### ASSIGNED TASK
Give again, word for word, every line below from the one that has "world_world.sun_shadow_jitter_overblur = 0.0" through the one that has "me_x = bpy.data.meshes.new('Плоскость')", both included, and no others.

### INPUT FOR THIS TASK

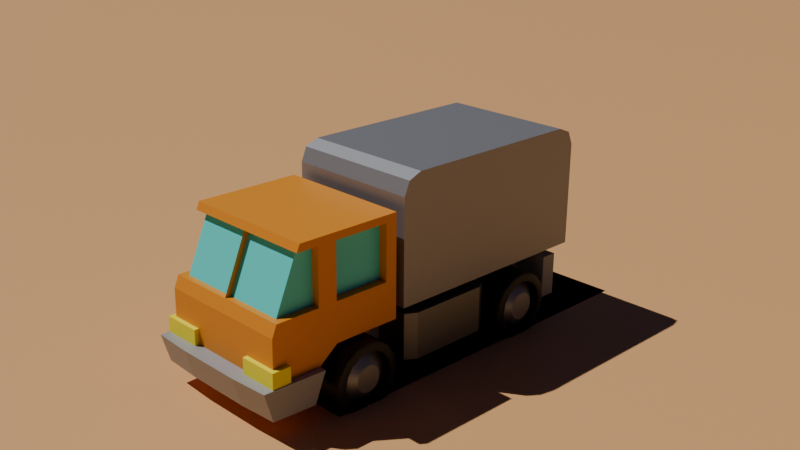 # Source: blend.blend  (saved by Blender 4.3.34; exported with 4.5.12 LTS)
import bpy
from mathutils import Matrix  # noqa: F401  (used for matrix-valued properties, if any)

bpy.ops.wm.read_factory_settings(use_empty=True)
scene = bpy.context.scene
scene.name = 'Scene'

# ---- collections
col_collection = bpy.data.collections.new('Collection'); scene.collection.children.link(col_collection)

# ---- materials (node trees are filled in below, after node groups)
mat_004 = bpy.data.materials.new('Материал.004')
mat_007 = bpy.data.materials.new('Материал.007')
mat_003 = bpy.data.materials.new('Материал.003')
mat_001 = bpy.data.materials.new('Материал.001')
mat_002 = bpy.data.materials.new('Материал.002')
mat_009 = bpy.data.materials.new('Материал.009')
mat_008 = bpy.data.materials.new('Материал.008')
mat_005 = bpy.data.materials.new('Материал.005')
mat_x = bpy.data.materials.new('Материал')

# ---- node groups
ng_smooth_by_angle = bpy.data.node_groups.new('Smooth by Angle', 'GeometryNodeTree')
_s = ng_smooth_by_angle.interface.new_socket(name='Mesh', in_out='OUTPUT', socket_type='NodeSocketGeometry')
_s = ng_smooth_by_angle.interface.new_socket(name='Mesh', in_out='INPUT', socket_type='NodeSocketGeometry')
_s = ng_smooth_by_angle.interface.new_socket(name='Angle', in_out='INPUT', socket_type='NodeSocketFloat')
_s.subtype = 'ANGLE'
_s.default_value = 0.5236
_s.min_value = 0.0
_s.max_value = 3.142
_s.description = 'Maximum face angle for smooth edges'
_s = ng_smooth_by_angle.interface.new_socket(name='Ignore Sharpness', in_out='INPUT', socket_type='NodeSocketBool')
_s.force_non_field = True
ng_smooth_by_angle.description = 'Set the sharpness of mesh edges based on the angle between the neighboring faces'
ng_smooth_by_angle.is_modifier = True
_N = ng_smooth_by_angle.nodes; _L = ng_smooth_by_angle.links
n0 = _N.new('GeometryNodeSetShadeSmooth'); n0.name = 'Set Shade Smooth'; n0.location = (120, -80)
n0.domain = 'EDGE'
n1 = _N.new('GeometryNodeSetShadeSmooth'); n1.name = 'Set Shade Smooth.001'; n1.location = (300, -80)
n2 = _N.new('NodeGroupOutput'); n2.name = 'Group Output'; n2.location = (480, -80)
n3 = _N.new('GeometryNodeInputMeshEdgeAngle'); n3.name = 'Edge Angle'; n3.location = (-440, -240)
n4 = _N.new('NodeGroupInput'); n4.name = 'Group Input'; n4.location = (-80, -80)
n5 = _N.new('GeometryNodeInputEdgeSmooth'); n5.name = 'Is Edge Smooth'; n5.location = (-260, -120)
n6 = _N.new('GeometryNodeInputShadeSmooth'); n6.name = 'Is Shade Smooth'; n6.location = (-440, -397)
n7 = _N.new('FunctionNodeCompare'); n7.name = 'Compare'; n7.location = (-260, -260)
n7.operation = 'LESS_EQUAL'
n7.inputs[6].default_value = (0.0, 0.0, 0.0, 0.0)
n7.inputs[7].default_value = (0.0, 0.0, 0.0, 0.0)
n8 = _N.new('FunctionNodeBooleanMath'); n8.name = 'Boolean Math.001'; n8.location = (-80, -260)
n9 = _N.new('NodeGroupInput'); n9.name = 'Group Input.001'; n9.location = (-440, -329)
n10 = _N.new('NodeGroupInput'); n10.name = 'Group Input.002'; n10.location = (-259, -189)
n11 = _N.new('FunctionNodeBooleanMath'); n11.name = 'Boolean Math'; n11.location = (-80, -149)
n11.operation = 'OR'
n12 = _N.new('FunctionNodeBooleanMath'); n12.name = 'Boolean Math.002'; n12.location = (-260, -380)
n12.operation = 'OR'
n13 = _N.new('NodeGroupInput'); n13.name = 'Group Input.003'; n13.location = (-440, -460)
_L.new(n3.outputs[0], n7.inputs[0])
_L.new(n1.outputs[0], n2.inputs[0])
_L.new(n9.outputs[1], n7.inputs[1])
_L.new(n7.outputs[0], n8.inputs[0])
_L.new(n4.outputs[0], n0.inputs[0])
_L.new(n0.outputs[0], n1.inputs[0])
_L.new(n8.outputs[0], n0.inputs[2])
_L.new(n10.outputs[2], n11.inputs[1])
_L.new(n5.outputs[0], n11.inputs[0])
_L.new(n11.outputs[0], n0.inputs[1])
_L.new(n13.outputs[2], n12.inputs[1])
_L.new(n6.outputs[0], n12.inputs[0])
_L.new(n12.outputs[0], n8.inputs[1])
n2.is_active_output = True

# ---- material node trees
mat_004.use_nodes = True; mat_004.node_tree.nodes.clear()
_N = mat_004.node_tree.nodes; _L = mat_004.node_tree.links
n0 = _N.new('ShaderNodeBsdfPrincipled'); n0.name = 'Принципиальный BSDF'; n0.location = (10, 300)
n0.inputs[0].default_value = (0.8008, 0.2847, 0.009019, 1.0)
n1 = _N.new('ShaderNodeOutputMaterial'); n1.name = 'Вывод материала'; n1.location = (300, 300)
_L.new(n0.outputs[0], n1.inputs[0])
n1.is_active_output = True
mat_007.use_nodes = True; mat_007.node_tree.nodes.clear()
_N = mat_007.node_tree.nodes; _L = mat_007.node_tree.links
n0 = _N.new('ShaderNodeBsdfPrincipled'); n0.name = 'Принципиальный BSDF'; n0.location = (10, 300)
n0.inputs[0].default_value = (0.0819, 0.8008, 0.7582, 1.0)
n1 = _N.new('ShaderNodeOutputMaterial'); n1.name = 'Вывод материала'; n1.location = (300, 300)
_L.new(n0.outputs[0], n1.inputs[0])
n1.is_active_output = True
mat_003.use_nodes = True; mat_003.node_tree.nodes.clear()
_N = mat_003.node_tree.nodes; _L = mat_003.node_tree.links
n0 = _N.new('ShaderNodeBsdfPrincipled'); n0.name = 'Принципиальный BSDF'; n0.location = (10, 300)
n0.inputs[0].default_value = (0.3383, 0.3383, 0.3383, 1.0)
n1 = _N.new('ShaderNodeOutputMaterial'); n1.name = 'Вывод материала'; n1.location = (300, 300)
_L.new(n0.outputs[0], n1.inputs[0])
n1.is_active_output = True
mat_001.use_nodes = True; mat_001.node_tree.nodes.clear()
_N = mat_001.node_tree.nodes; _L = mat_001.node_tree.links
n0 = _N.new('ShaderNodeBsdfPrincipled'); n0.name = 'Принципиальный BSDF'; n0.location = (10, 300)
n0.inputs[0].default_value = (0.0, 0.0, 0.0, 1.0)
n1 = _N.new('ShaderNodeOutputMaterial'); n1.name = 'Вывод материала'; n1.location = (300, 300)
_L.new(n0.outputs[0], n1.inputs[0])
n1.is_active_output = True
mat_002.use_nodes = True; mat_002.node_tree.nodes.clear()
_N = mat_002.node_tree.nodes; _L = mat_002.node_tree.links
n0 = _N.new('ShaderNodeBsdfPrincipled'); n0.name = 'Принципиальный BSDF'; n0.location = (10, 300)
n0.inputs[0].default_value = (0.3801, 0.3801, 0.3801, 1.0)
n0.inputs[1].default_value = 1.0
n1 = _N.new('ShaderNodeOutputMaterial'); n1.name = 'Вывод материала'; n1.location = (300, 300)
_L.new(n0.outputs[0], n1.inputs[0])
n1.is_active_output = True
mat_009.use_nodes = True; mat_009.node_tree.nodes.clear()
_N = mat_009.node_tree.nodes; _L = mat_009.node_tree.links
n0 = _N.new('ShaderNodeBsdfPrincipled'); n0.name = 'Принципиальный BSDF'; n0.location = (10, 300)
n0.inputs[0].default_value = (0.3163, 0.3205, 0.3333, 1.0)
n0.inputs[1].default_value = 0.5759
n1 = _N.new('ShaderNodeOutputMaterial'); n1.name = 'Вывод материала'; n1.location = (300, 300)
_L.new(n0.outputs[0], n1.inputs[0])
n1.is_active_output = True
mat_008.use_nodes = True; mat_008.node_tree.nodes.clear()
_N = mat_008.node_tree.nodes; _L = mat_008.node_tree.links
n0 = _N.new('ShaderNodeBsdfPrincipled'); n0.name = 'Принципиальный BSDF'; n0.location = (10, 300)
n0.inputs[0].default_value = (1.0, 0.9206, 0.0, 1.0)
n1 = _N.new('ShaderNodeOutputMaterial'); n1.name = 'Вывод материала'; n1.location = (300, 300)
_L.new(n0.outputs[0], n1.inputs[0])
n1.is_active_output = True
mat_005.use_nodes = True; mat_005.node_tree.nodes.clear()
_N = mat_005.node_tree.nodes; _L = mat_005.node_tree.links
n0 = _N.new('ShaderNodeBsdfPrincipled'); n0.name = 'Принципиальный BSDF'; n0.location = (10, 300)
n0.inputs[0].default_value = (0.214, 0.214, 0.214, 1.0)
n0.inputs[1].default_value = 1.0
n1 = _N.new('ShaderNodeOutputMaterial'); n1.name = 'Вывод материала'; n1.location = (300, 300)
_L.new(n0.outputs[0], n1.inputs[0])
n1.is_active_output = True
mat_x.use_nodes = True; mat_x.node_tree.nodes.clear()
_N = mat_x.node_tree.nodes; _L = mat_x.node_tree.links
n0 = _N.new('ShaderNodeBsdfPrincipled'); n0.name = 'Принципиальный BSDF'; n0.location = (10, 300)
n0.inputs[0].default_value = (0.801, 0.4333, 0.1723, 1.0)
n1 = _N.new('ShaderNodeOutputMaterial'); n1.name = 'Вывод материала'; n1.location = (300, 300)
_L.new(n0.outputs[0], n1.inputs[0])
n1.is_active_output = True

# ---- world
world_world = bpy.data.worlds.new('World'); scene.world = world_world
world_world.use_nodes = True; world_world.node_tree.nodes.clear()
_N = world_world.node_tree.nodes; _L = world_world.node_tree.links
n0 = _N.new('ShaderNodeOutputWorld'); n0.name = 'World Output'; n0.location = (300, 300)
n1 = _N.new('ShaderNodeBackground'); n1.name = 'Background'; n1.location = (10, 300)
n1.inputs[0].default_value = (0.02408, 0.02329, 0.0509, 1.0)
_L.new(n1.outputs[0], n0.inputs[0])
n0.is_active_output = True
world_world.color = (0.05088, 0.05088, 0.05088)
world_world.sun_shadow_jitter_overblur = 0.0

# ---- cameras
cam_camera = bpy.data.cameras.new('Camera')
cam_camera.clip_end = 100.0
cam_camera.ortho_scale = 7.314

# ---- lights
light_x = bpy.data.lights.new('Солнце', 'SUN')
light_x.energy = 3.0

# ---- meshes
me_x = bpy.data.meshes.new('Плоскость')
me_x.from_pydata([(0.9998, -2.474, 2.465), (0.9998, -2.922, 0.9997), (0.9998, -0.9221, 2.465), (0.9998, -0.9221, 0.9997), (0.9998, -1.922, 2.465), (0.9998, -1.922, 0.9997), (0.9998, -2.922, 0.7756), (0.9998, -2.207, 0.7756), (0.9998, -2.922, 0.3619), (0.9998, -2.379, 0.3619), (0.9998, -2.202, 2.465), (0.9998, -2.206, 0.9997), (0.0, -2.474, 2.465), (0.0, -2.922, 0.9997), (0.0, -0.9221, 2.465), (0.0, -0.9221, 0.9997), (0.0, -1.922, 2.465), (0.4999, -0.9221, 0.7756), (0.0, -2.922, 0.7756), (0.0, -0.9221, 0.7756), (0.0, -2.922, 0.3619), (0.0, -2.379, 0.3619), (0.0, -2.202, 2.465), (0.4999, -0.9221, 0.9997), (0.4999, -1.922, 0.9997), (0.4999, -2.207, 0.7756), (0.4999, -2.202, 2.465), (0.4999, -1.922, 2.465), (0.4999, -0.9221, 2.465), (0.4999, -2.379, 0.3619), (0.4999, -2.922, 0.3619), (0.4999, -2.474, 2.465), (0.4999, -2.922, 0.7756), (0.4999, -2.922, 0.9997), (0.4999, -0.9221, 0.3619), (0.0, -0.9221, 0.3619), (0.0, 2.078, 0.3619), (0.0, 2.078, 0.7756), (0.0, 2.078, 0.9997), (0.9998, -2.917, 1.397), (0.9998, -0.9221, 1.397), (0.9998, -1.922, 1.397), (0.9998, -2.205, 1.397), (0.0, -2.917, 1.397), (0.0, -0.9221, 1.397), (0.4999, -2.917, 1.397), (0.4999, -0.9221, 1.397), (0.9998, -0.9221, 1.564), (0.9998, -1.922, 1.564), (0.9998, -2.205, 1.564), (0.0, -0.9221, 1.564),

### PROBLEM SOLUTION
world_world.sun_shadow_jitter_overblur = 0.0

# ---- cameras
cam_camera = bpy.data.cameras.new('Camera')
cam_camera.clip_end = 100.0
cam_camera.ortho_scale = 7.314

# ---- lights
light_x = bpy.data.lights.new('Солнце', 'SUN')
light_x.energy = 3.0

# ---- meshes
me_x = bpy.data.meshes.new('Плоскость')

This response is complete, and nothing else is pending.